One of the problems at this moment in history, of course, is the drastic economic news that has cast a cloud of despair and disillusionment over newspaper newsrooms. “It’s been tough raising money,” Maynard said. “The money from newspapers and newspaper foundations is disappearing. We will have to find others that care about social justice and democracy.

“We can’t let up on our efforts. Some foundations say that if newspapers won’t contribute for training, let them suffer the consequences. But it’s just not the newspapers suffering. We all will suffer, especially people of color who are portrayed inaccurately on a daily basis. We have to see that all communities are covered in a fair way and we have to help all people make informed decisions.”
 
Maynard believes that the current economic conditions are causing the industry to pay less attention to diversity and that this will “create a spiral effect and will push away more potential readership at the industry’s peril.”

“My father would not be surprised by the state of newspapers today,” she said. “He anticipated the shift to online in the early 1990′s. He was talking then about convergence, how the news would be bundled differently. He saw it coming.

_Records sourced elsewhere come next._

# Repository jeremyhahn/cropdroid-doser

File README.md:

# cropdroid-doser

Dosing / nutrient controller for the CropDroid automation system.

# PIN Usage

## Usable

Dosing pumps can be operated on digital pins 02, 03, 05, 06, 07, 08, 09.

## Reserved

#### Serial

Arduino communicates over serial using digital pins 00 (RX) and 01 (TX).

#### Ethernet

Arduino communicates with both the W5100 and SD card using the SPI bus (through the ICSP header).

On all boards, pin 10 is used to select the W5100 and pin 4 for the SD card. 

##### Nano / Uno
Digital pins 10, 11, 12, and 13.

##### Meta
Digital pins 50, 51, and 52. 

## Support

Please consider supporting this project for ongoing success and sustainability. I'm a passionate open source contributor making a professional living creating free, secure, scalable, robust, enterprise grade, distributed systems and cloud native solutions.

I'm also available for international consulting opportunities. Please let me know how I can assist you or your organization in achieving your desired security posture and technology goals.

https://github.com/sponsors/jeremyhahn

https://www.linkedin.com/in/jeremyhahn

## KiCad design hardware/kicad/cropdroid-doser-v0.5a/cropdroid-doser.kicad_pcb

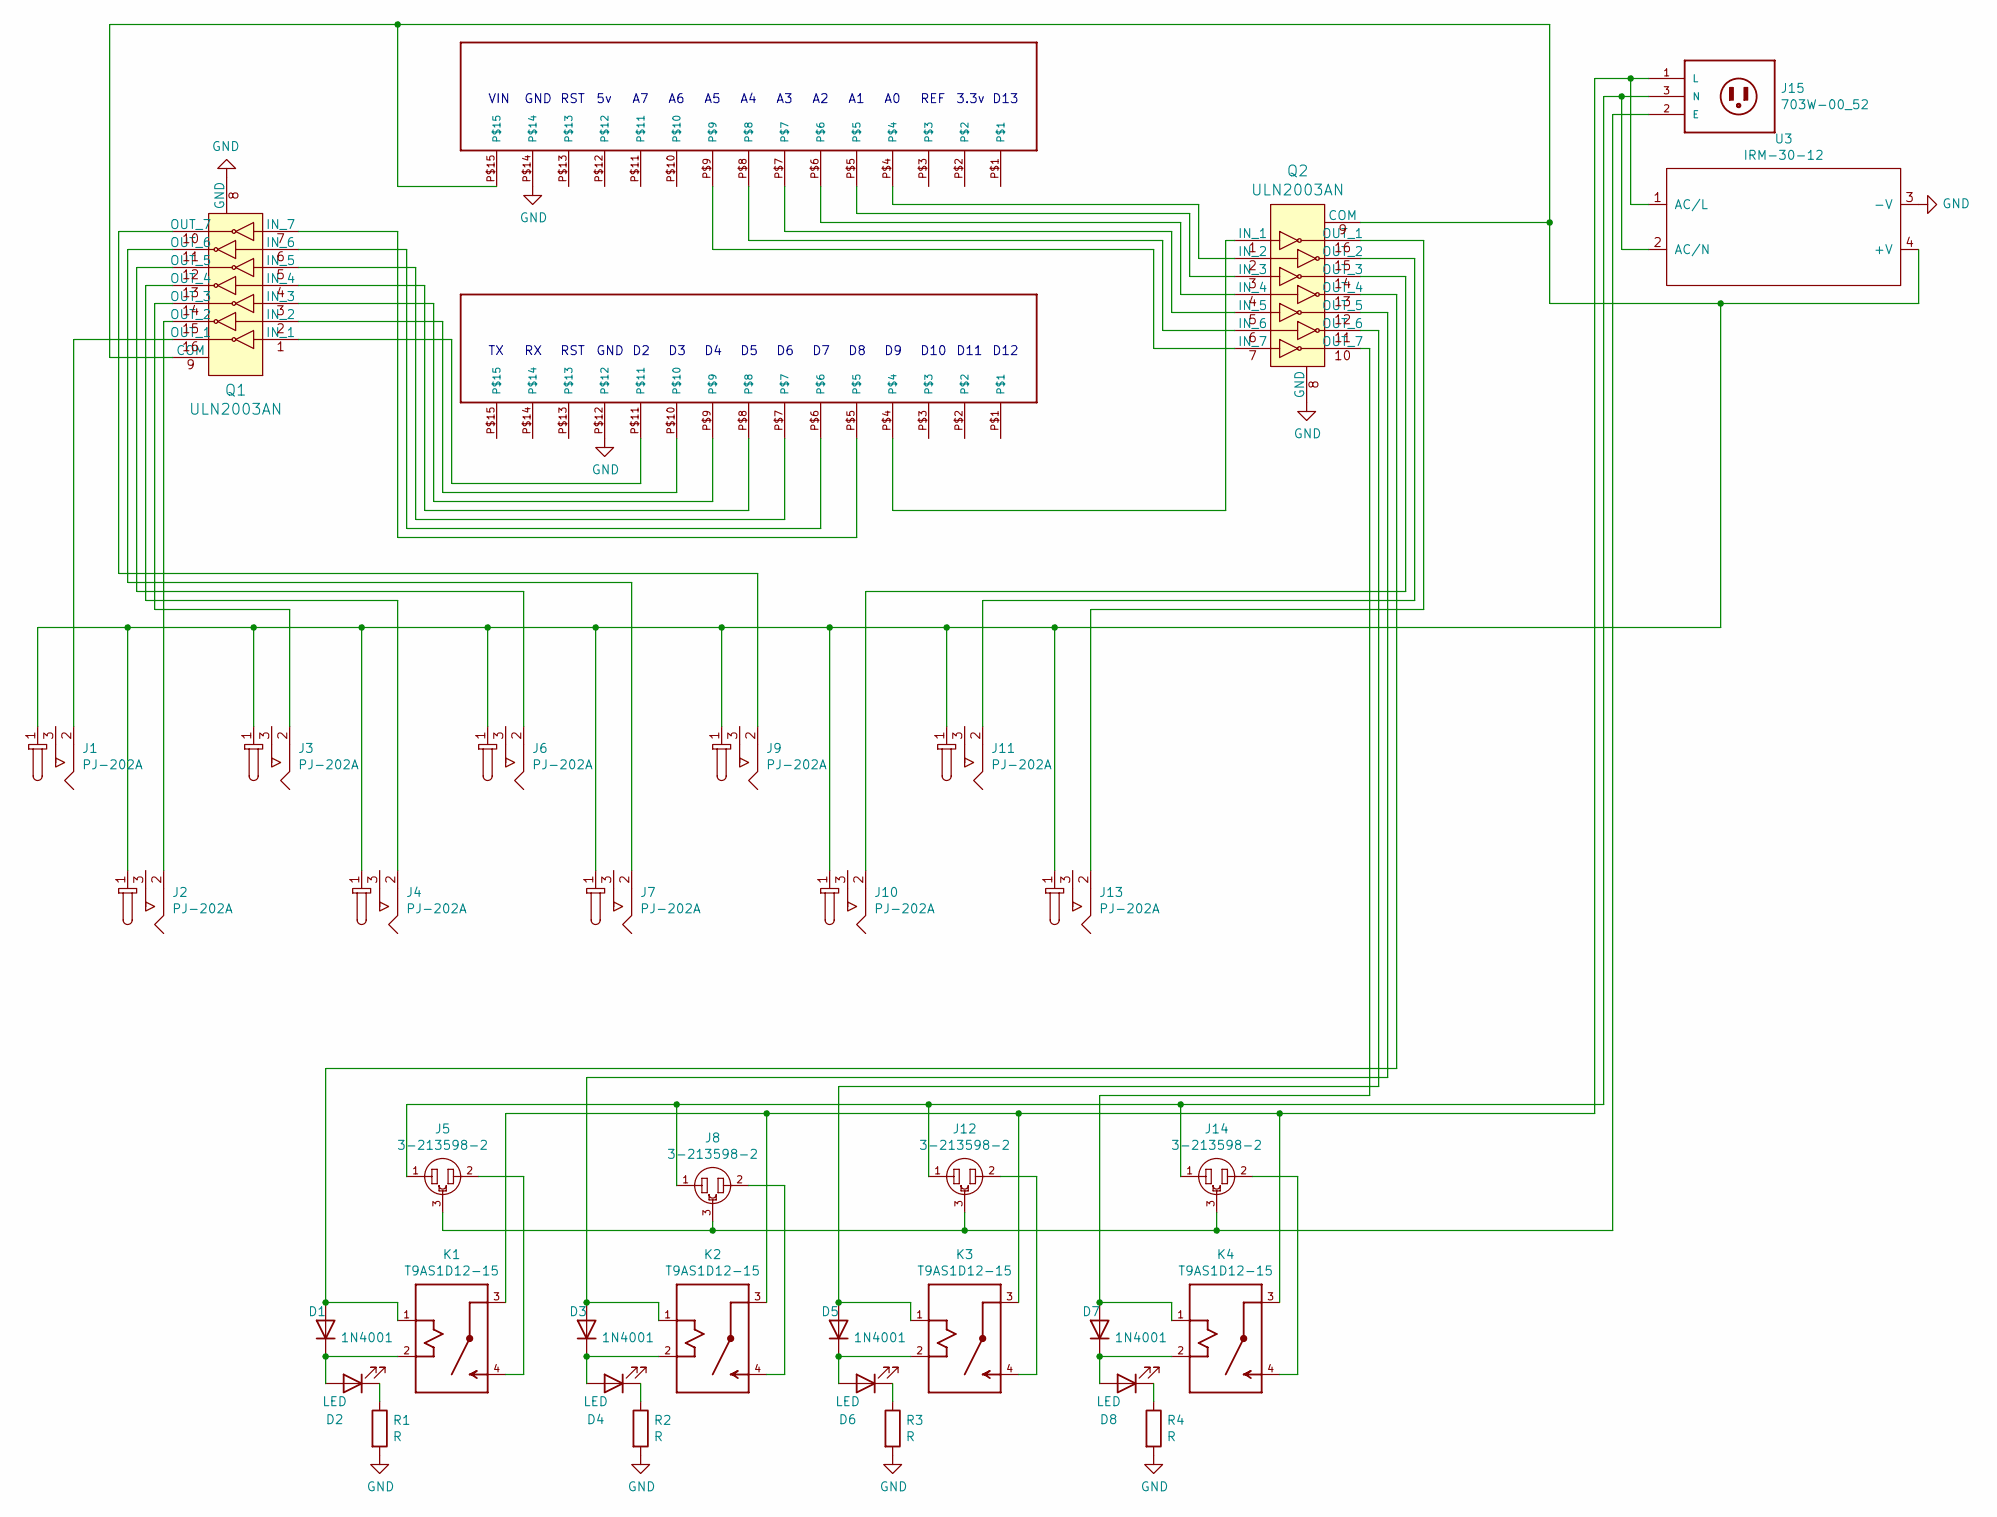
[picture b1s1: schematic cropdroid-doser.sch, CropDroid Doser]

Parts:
D1, D3, D5, D7: 1N4001; D_DO-41_SOD81_P10.16mm_Horizontal
D2, D4, D6, D8: LED; CAPPRD350W60D800H2000
J1, J2, J3, J4, J6, J7, J9, J10, J11, J13: PJ-202A; Barrel_Jack_5.5mmODx2.1mmID_PJ-202A; MPN PJ-202A; Digi-Key_PN CP-202A-ND
J5, J8, J12, J14: 3-213598-2; TE_3-213598-2
J15: 703W-00_52; QUALTEK_703W-00_52
K1, K2, K3, K4: T9AS1D12-15; RELAY_T9AS1D12-15
Q1, Q2: ULN2003AN; DIP-16_W7.62mm; MPN ULN2003AN; Digi-Key_PN 296-1979-5-ND
R1, R2, R3, R4: R; R_Axial_DIN0207_L6.3mm_D2.5mm_P10.16mm_Horizontal
U1, U2: PPTC151LFBN-RC
U3: IRM-30-12

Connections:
GND: Q1.8 (GND), Q2.8 (GND), R1.2, R2.2, R3.2, R4.2, U1.P$14, U2.P$12, U3.3 (-V)
unnamed: D1.1 (K), D2.2 (A), K1.2 (A2)
unnamed: D1.2 (A), K1.1 (A1), Q2.13 (OUT_4)
unnamed: D2.1 (K), R1.1
unnamed: D3.1 (K), D4.2 (A), K2.2 (A2)
unnamed: D3.2 (A), K2.1 (A1), Q2.12 (OUT_5)
unnamed: D4.1 (K), R2.1
unnamed: D5.1 (K), D6.2 (A), K3.2 (A2)
unnamed: D5.2 (A), K3.1 (A1), Q2.11 (OUT_6)
unnamed: D6.1 (K), R3.1
unnamed: D7.1 (K), D8.2 (A), K4.2 (A2)
unnamed: D7.2 (A), K4.1 (A1), Q2.10 (OUT_7)
unnamed: D8.1 (K), R4.1
unnamed: J1.1, J2.1, J3.1, J4.1, J6.1, J7.1, J9.1, J10.1, J11.1, J13.1, Q1.9 (COM), Q2.9 (COM), U1.P$15, U3.4 (+V)
unnamed: J1.2, Q1.16 (OUT_1)
unnamed: J2.2, Q1.15 (OUT_2)
unnamed: J3.2, Q1.14 (OUT_3)
unnamed: J4.2, Q1.13 (OUT_4)
unnamed: J5.2, K1.4 (NO)
unnamed: J6.2, Q1.12 (OUT_5)
unnamed: J7.2, Q1.11 (OUT_6)
unnamed: J8.2, K2.4 (NO)
unnamed: J9.2, Q1.10 (OUT_7)
unnamed: J10.2, Q2.14 (OUT_3)
unnamed: J11.2, Q2.15 (OUT_2)
unnamed: J5.1, J8.1, J12.1, J14.1, J15.3 (N), U3.2 (AC/N)
unnamed: J12.2, K3.4 (NO)
unnamed: J5.3, J8.3, J12.3, J14.3, J15.2 (E)
unnamed: J13.2, Q2.16 (OUT_1)
unnamed: J14.2, K4.4 (NO)
unnamed: J15.1 (L), K1.3 (C), K2.3 (C), K3.3 (C), K4.3 (C), U3.1 (AC/L)
unnamed: Q1.1 (IN_1), U2.P$11
unnamed: Q1.2 (IN_2), U2.P$10
unnamed: Q1.3 (IN_3), U2.P$9
unnamed: Q1.4 (IN_4), U2.P$8
unnamed: Q1.5 (IN_5), U2.P$7
unnamed: Q1.6 (IN_6), U2.P$6
unnamed: Q1.7 (IN_7), U2.P$5
unnamed: Q2.1 (IN_1), U2.P$4
unnamed: Q2.2 (IN_2), U1.P$4
unnamed: Q2.3 (IN_3), U1.P$5
unnamed: Q2.4 (IN_4), U1.P$6
unnamed: Q2.5 (IN_5), U1.P$7
unnamed: Q2.6 (IN_6), U1.P$8
unnamed: Q2.7 (IN_7), U1.P$9

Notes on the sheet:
RST
GND
D10
D11
D12
VIN
REF
3.3v
D13

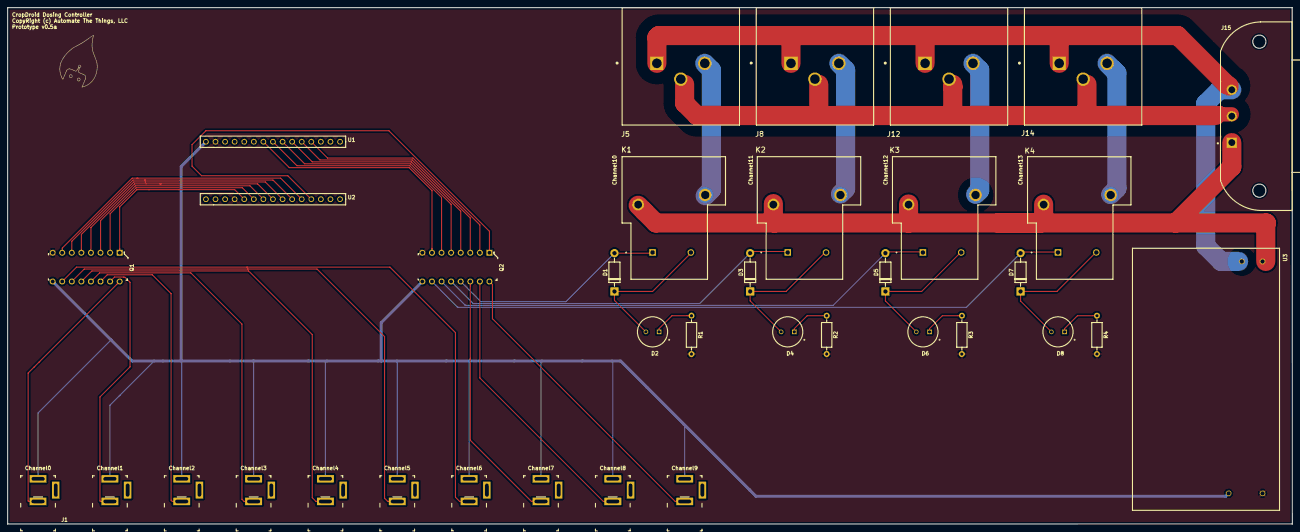
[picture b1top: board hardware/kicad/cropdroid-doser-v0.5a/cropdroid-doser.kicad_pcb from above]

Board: 2 copper layers, 340.7 x 136.9 mm, 36 parts (0 on the bottom side), 45 nets.

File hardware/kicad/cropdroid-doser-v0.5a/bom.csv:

Reference, Quantity, Value, Footprint, Datasheet, Category, DK_Datasheet_Link, DK_Detail_Page, Description, Digi-Key_PN, Family, MPN, Manufacturer, Status, Field4, Field5, Field6
D1 D3 D5 D7 ,4,"1N4001","Diode_THT:D_DO-41_SOD81_P10.16mm_Horizontal","http://www.vishay.com/docs/88503/1n4001.pdf"
D2 D4 D6 D8 ,4,"LED","libraries:CAPPRD350W60D800H2000","~"
J1 J2 J3 J4 J6 J7 J9 J10 J11 J13 ,10,"PJ-202A","digikey-footprints:Barrel_Jack_5.5mmODx2.1mmID_PJ-202A","https://www.cui.com/product/resource/digikeypdf/pj-202a.pdf","Connectors, Interconnects","https://www.cui.com/product/resource/digikeypdf/pj-202a.pdf","/product-detail/en/cui-inc/PJ-202A/CP-202A-ND/252007","CONN PWR JACK 2X5.5MM KINKED PIN","CP-202A-ND","Barrel - Power Connectors","PJ-202A","CUI Inc.","Active","","",""
J15 ,1,"703W-00_52","QUALTEK_703W-00:QUALTEK_703W-00_52","B","","","","","","","","","","Manufacturer Recommendations","Qualtek",""
J5 J8 J12 J14 ,4,"3-213598-2","3-213598-2:TE_3-213598-2","https://www.te.com/usa-en/product-3-213598-2.html?te_bu=Cor&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","","","","","","","","","","Compliant","3-213598-2","Convenience Outlet"
K1 K2 K3 K4 ,4,"T9AS1D12-15","T9AS1D12-15:RELAY_T9AS1D12-15","https://www.te.com/usa-en/product-1-1393210-4.html?te_bu=Cor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","","","","","","","","","","1-1393210-4","",""
Q1 Q2 ,2,"ULN2003AN","digikey-footprints:DIP-16_W7.62mm","http://www.ti.com/general/docs/suppproductinfo.tsp?distId=10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","Discrete Semiconductor Products","http://www.ti.com/general/docs/suppproductinfo.tsp?distId=10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","/product-detail/en/texas-instruments/ULN2003AN/296-1979-5-ND/277624","IC PWR RELAY 7NPN 1:1 16DIP","296-1979-5-ND","Transistors - Bipolar (BJT) - Arrays","ULN2003AN","Texas Instruments","Active","","",""
R1 R2 R3 R4 ,4,"R","Resistor_THT:R_Axial_DIN0207_L6.3mm_D2.5mm_P10.16mm_Horizontal","~"
U2 U1 ,2,"PPTC151LFBN-RC","PPTC151LFBN-RC:PPTC151LFBN-RC",""
U3 ,1,"IRM-30-12","IRM-30-12:IRM-30-12",""

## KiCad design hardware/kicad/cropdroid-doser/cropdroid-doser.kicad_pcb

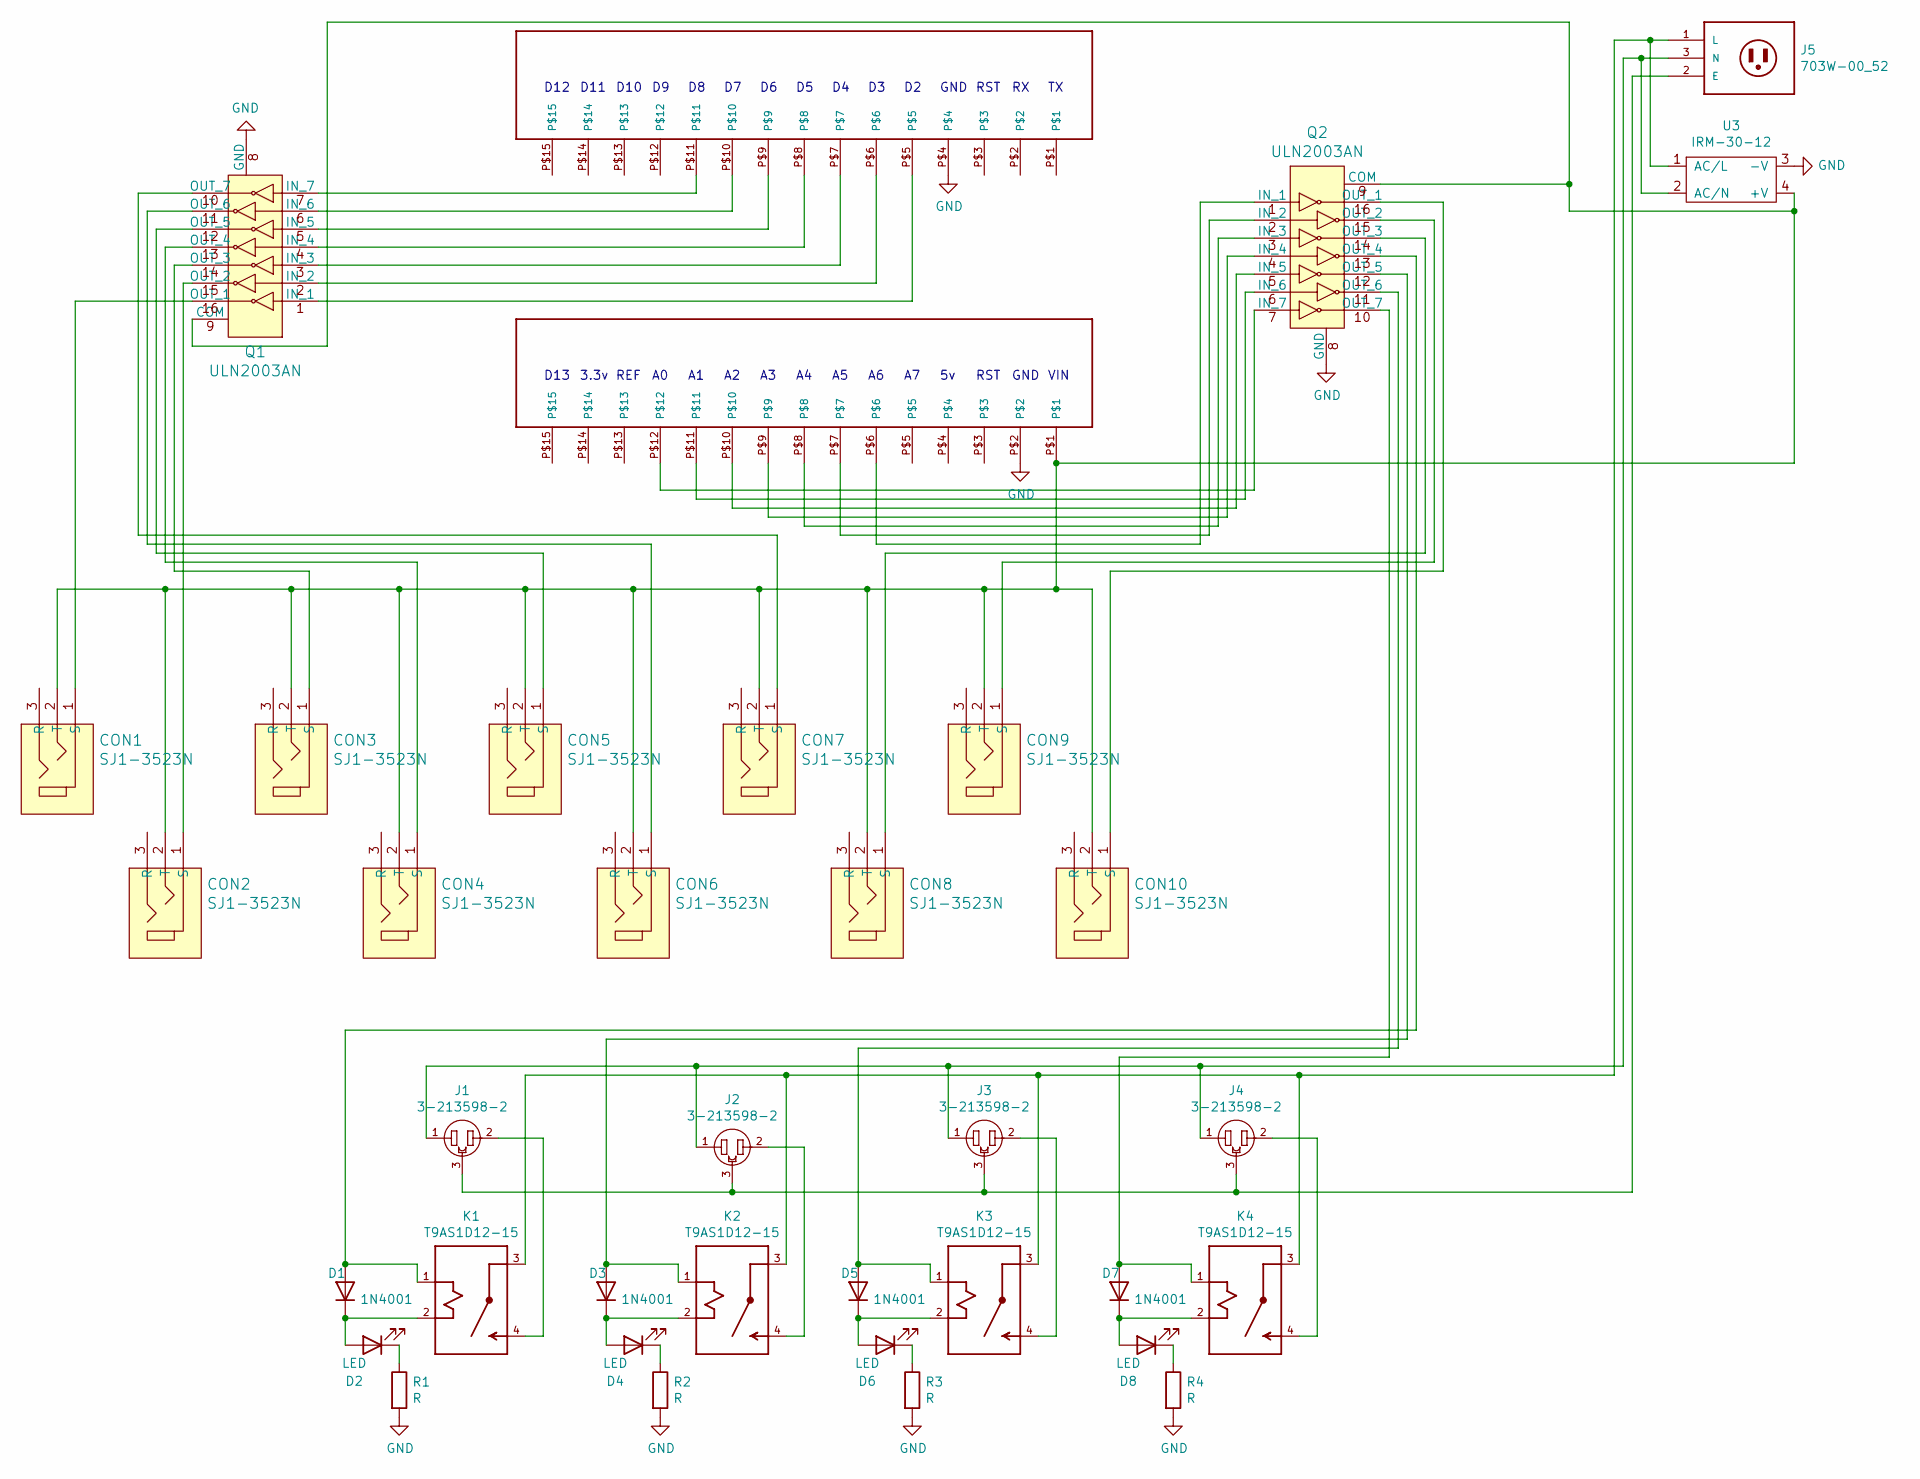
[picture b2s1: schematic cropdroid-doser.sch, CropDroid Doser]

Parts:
CON1, CON2, CON3, CON4, CON5, CON6, CON7, CON8, CON9, CON10: SJ1-3523N; Headphone_Jack_3.5mm_SJ1-3523N; MPN SJ1-3523N; Digi-Key_PN CP1-3523N-ND
D1, D3, D5, D7: 1N4001; D_DO-41_SOD81_P10.16mm_Horizontal
D2, D4, D6, D8: LED; CAPPRD350W60D800H2000
J1, J2, J3, J4: 3-213598-2; TE_3-213598-2
J5: 703W-00_52; QUALTEK_703W-00_52
K1, K2, K3, K4: T9AS1D12-15; RELAY_T9AS1D12-15
Q1, Q2: ULN2003AN; DIP-16_W7.62mm; MPN ULN2003AN; Digi-Key_PN 296-1979-5-ND
R1, R2, R3, R4: R; R_Axial_DIN0207_L6.3mm_D2.5mm_P10.16mm_Horizontal
U1, U2: PPTC151LFBN-RC
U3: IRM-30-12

“He would be disheartened that the news industry didn’t pick up on the changes quicker and didn’t do more to hold on to their franchises.”“The last diversity figures for new media are 16 percent, slightly better than newspapers.”

Bob Maynard was a high school dropout who went on to a distinguished journalism career. He covered civil rights and urban unrest as a national correspondent for The Washington Post, was that newspaper’s ombudsman and later became part of its editorial page staff. He made numerous appearances on network television and in 1979 became editor of the Oakland Tribune.

He and his wife, Nancy, bought the Tribune a few years later. It won a Pulitzer Prize in 1990 for its coverage of the Loma Prieta earthquake. The Maynards sold the paper in 1992.

“I was raised by two optimistic people,” Dori Maynard said, “so I am guardedly optimistic about the future of journalism. I just hope we can find new models to do journalism in the public good.”

But whatever models follow, Maynard wants to do whatever she can to ensure that the staffs and the content reflect the diversity of our communities and the country.

“When you look at the generational shift of how young people get their news we have to make sure that the new media doesn’t look like the old media. The last diversity figures for new media are 16 percent, slightly better than newspapers, but not by much. We need to step up our efforts.

“We have to make sure that people have the skills and the mindset to work on all platforms and that they can think strategically. We must have filters. It’s not an issue of the survival of journalism. It’s about what skills will be needed to be a journalist in the future. Being a journalist is still an exciting and valuable job.”

After three decades of existence the Maynard Institute remains a leader in helping to make the portrait of America’s newsrooms multicultural. It has programs in copy editing, leadership, entry management and others and conducts fault lines workshops. Many of its graduates, such as Carolina Garcia, editor of the Los Angeles Daily News, and Milton Coleman, deputy managing editor of The Washington Post, have become leaders in the industry.

“I was talking to a group of journalists yesterday,” Maynard said, “and two or three had been on the verge of leaving the business. But after going through the training program they now want to stay. Giving them the tools to do their craft, as well as some political tools, they can now plot their career advancement.”

On the day he quit school at age 16, Bob Maynard told a sister, “My credentials will be my work.”

His dream has given hundreds of others the way to earn their credentials. And now his daughter is the keeper of that dream.